One of the most intriguing things about ‘The Ring’ is the way the author manages to inject so much information about that time without seeming to. Like the very best teachers, she weaves facts into the story in such a smooth fashion that you barely realize you are getting a first-class history and geography lesson. We learn the realities of day-to-day living then – and survival. Maps of Sam and Jane’s travels, as well as a selection of photographs and pen-and-ink drawings showing facets of the traders’ lifestyle are included.

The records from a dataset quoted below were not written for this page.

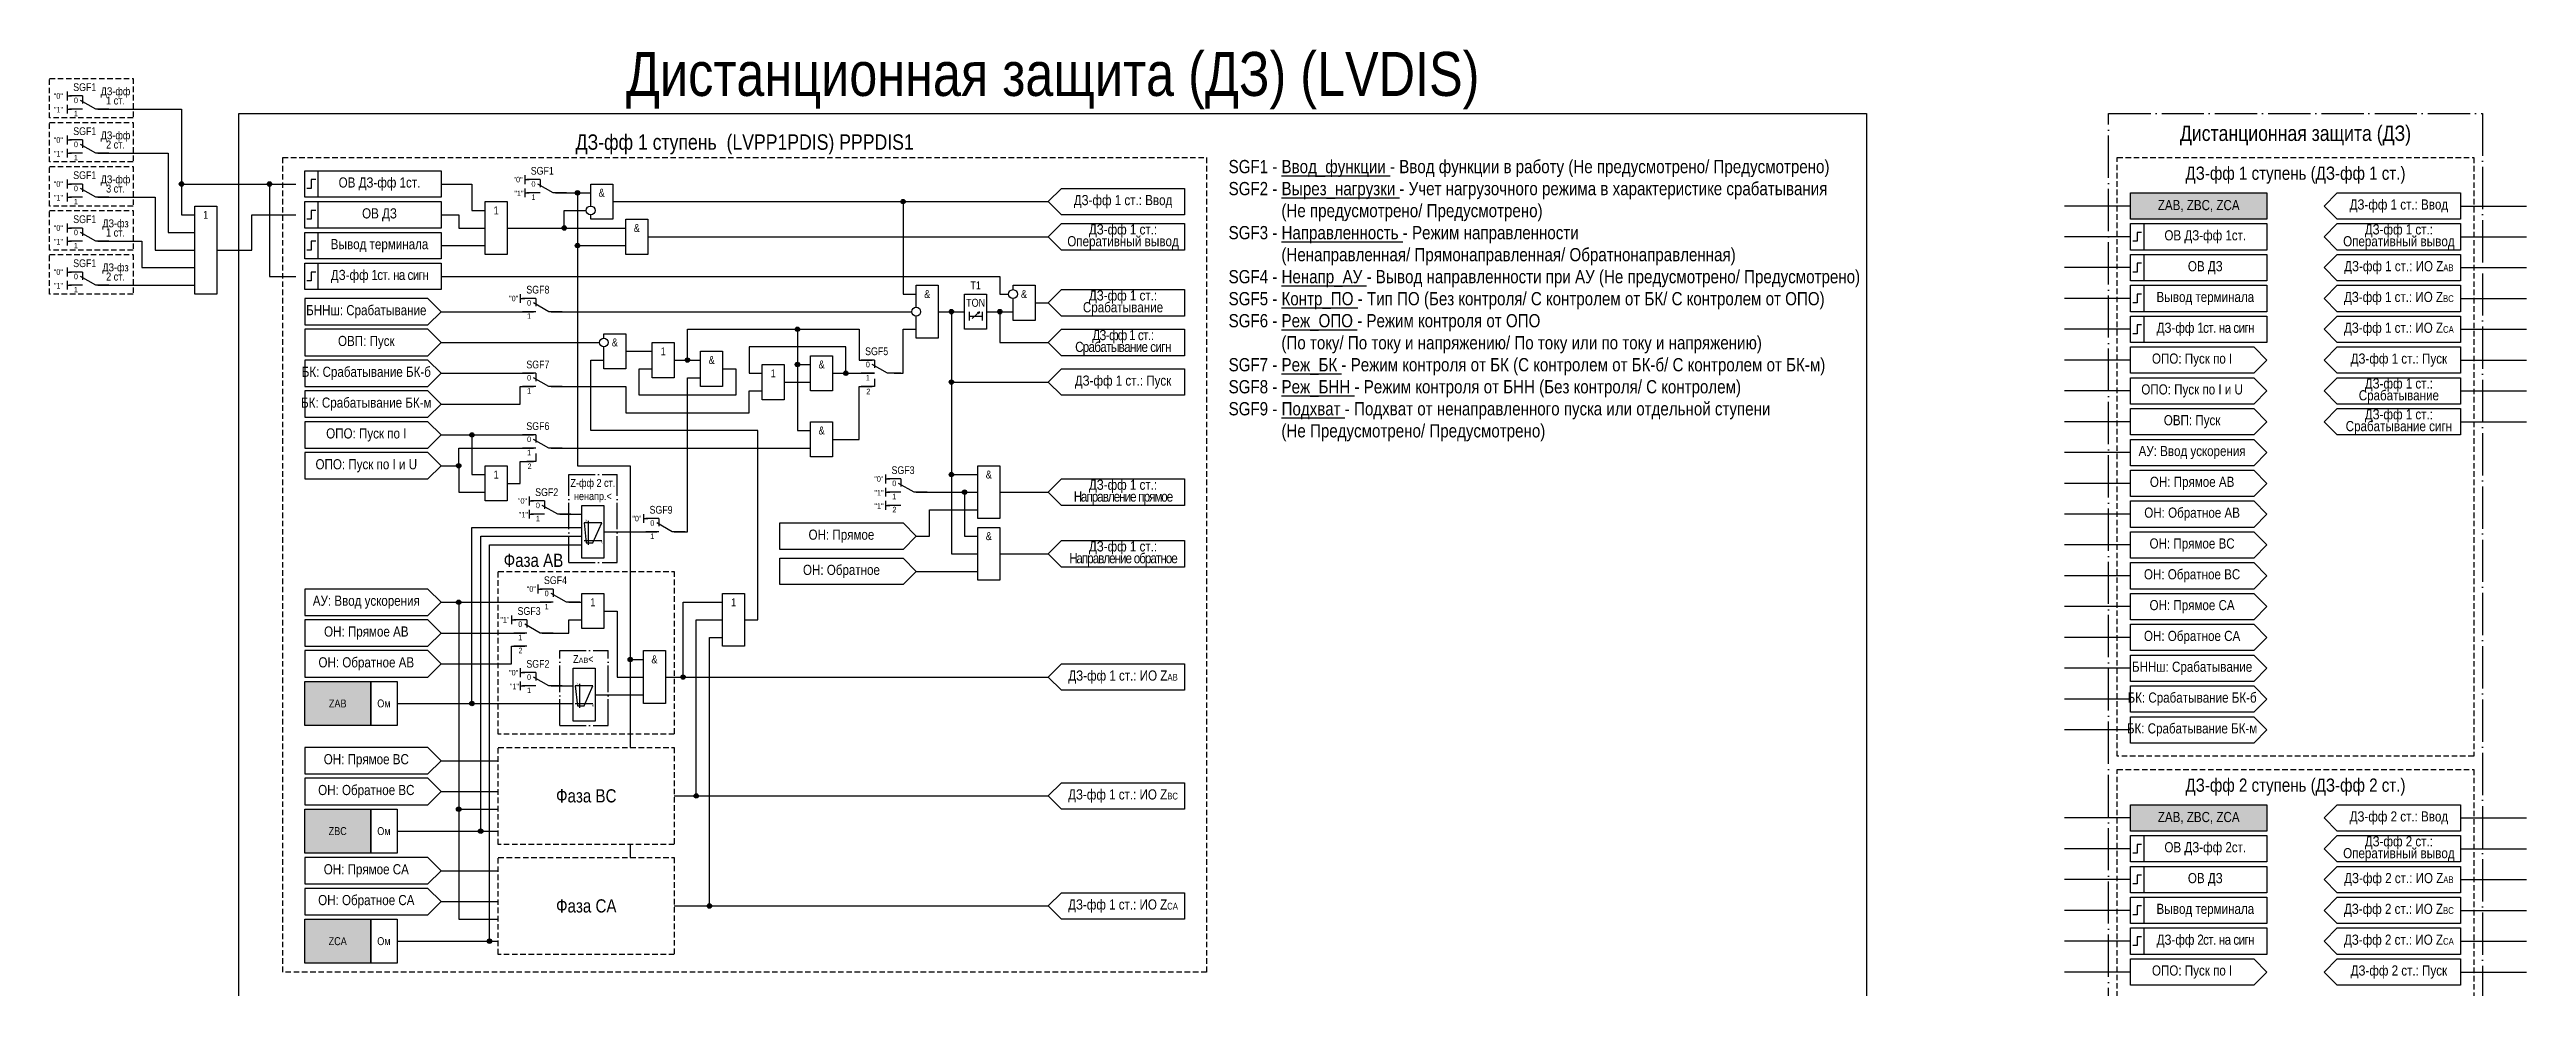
# Model space of a CAD drawing. Header units: millimetres. Extents: x -68 to 4847, y -35 to 2390.
# Drawn here: x -43 to 520, y 1162 to 1375 of the extents above; entities that cross this region are included whole.
import ezdxf
from ezdxf.enums import TextEntityAlignment as Align

# ---------------------------------------------------------------- set-up
doc = ezdxf.new("R2010")
doc.units = ezdxf.units.MM
doc.linetypes.add('ACAD_ISO04W100', pattern=[30, 24, -3, 0, -3])
doc.linetypes.add('штриховая2', pattern=[0.375, 0.25, -0.125])
doc.layers.add('TEXT', color=7, linetype='Continuous', lineweight=25)
doc.layers.add('Основная', color=7, linetype='Continuous')
doc.styles.add('1.8_Gost_RD', font='ARIALN.TTF', dxfattribs={"height": 1.8})
doc.styles.add('2.5_Gost_RD', font='ARIALN.TTF', dxfattribs={"height": 2.5})
doc.styles.add('3.5_Gost_RD', font='ARIALN.TTF', dxfattribs={"height": 3.5})
doc.styles.add('Вывод', font='ARIALN.TTF', dxfattribs={"height": 2.5})
doc.styles.add('Компонент', font='ARIALN.TTF', dxfattribs={"height": 3.5})

# ---------------------------------------------------------------- blocks, each defined once
blk = doc.blocks.new('Точка')
at = {"ltscale": 100}
h = blk.add_hatch(color=256, dxfattribs=at)
h.dxf.hatch_style = 1
edge = h.paths.add_edge_path()
edge.add_arc((0, 0), 0.5, 0, 360)
blk.add_circle((0, 0), 0.5, dxfattribs=at)
blk = doc.blocks.new('*U31')
at = {"layer": 'Основная', "color": 0}
blk.add_line((0, 0), (7, 4), dxfattribs=at)
at = {"layer": 'Основная', "ltscale": 0.35}
blk.add_line((6, 6), (6, 2.5), dxfattribs=at)
blk = doc.blocks.new('*U42')
at = {"layer": 'Основная', "color": 0}
for p, q in [((-3, 6), (-9, 6)), ((-3, 0), (-9, 0)), ((9, 0), (3, 0))]:
    blk.add_line(p, q, dxfattribs=at)
at = {"layer": 'Основная', "ltscale": 0.25, "xscale": -1}
blk.add_blockref('*U31', (3, 0), dxfattribs=at)
at = {"layer": 'Основная'}
for tag, height, style, p in [('ОУ', 3.5, 'Компонент', (-2, 10)), ('В1', 2.5, 'Вывод', (-13, 6)), ('В2', 2.5, 'Вывод', (-6, 4)), ('В3', 2.5, 'Вывод', (-6, -2))]:
    blk.add_attdef(tag, text='', height=height, dxfattribs=dict(at, style=style)).set_placement(p, align=Align.MIDDLE_CENTER)
blk = doc.blocks.new('*U48')
at = {"layer": 'Основная', "color": 0}
for p, q in [((-3, 6), (-9, 6)), ((-3, 0), (-9, 0)), ((9, 0), (3, 0))]:
    blk.add_line(p, q, dxfattribs=at)
at = {"layer": 'Основная', "ltscale": 0.25, "xscale": -1}
blk.add_blockref('*U31', (3, 0), dxfattribs=at)
at = {"layer": 'Основная'}
for tag, height, style, p in [('ОУ', 3.5, 'Компонент', (-2, 10)), ('В1', 2.5, 'Вывод', (-13, 6)), ('В2', 2.5, 'Вывод', (-6, 4)), ('В3', 2.5, 'Вывод', (-6, -2))]:
    blk.add_attdef(tag, text='', height=height, dxfattribs=dict(at, style=style)).set_placement(p, align=Align.MIDDLE_CENTER)
blk = doc.blocks.new('*U47')
at = {"layer": 'Основная', "color": 0}
for p, q in [((-3, 6), (-9, 6)), ((-3, 0), (-9, 0)), ((9, 0), (3, 0))]:
    blk.add_line(p, q, dxfattribs=at)
at = {"layer": 'Основная', "ltscale": 0.25, "xscale": -1}
blk.add_blockref('*U31', (3, 0), dxfattribs=at)
at = {"layer": 'Основная'}
for tag, height, style, p in [('ОУ', 3.5, 'Компонент', (-2, 10)), ('В1', 2.5, 'Вывод', (-13, 6)), ('В2', 2.5, 'Вывод', (-6, 4)), ('В3', 2.5, 'Вывод', (-6, -2))]:
    blk.add_attdef(tag, text='', height=height, dxfattribs=dict(at, style=style)).set_placement(p, align=Align.MIDDLE_CENTER)
blk = doc.blocks.new('*U22')
at = {"layer": 'Основная', "linetype": 'ACAD_ISO04W100', "ltscale": 0.25}
for p, q in [((0, 0), (11, 0)), ((0, -17), (0, 0)), ((11, -17), (11, 0)), ((0, -17), (11, -17))]:
    blk.add_line(p, q, dxfattribs=at)
at = {"layer": 'Основная', "style": 'Компонент'}
blk.add_attdef('ОУ', text='', height=3.5, dxfattribs=at).set_placement((11, 0), align=Align.MIDDLE_CENTER)
blk = doc.blocks.new('*U43')
at = {"layer": 'Основная', "color": 0}
for p, q in [((-3, 6), (-9, 6)), ((-3, 0), (-9, 0)), ((9, 0), (3, 0))]:
    blk.add_line(p, q, dxfattribs=at)
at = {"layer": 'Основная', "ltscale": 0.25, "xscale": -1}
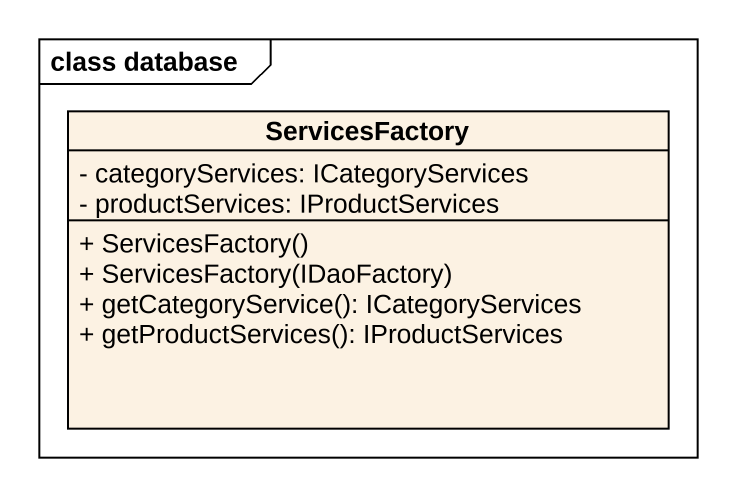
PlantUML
@startuml
mainframe class database
hide circle
hide empty members
skinparam classAttributeIconSize 0
class ServicesFactory {
  - categoryServices: ICategoryServices
  - productServices: IProductServices
  + ServicesFactory()
  + ServicesFactory(IDaoFactory)
  + getCategoryService(): ICategoryServices
  + getProductServices(): IProductServices
}
@enduml

Although this is the exceptional story of two bold-spirited people who fell in love, the focus is always on Grandmother Jane. Right away, we meet her sitting ‘stiffly in the high-backed chair’ – a wonderful depiction of a woman who after all, lived in the Victorian age and seems to bring that age’s posture into Canada’s hinterland. A photograph of Grandmother Jane bears out this image.
But that is only one image: Grandmother Jane could also ride, hunt and paddle a canoe; she knew very well how to survive in the bush as well as doing all the housekeeping, cooking and sewing expected of her. No wonder The Ring is dedicated to all mothers and grandmothers!
We often hear about an earlier time ‘being lost’ to us. This book ensures it won’t be.
Patricia Brooke's most recent short story collection is Traveling Hopefully.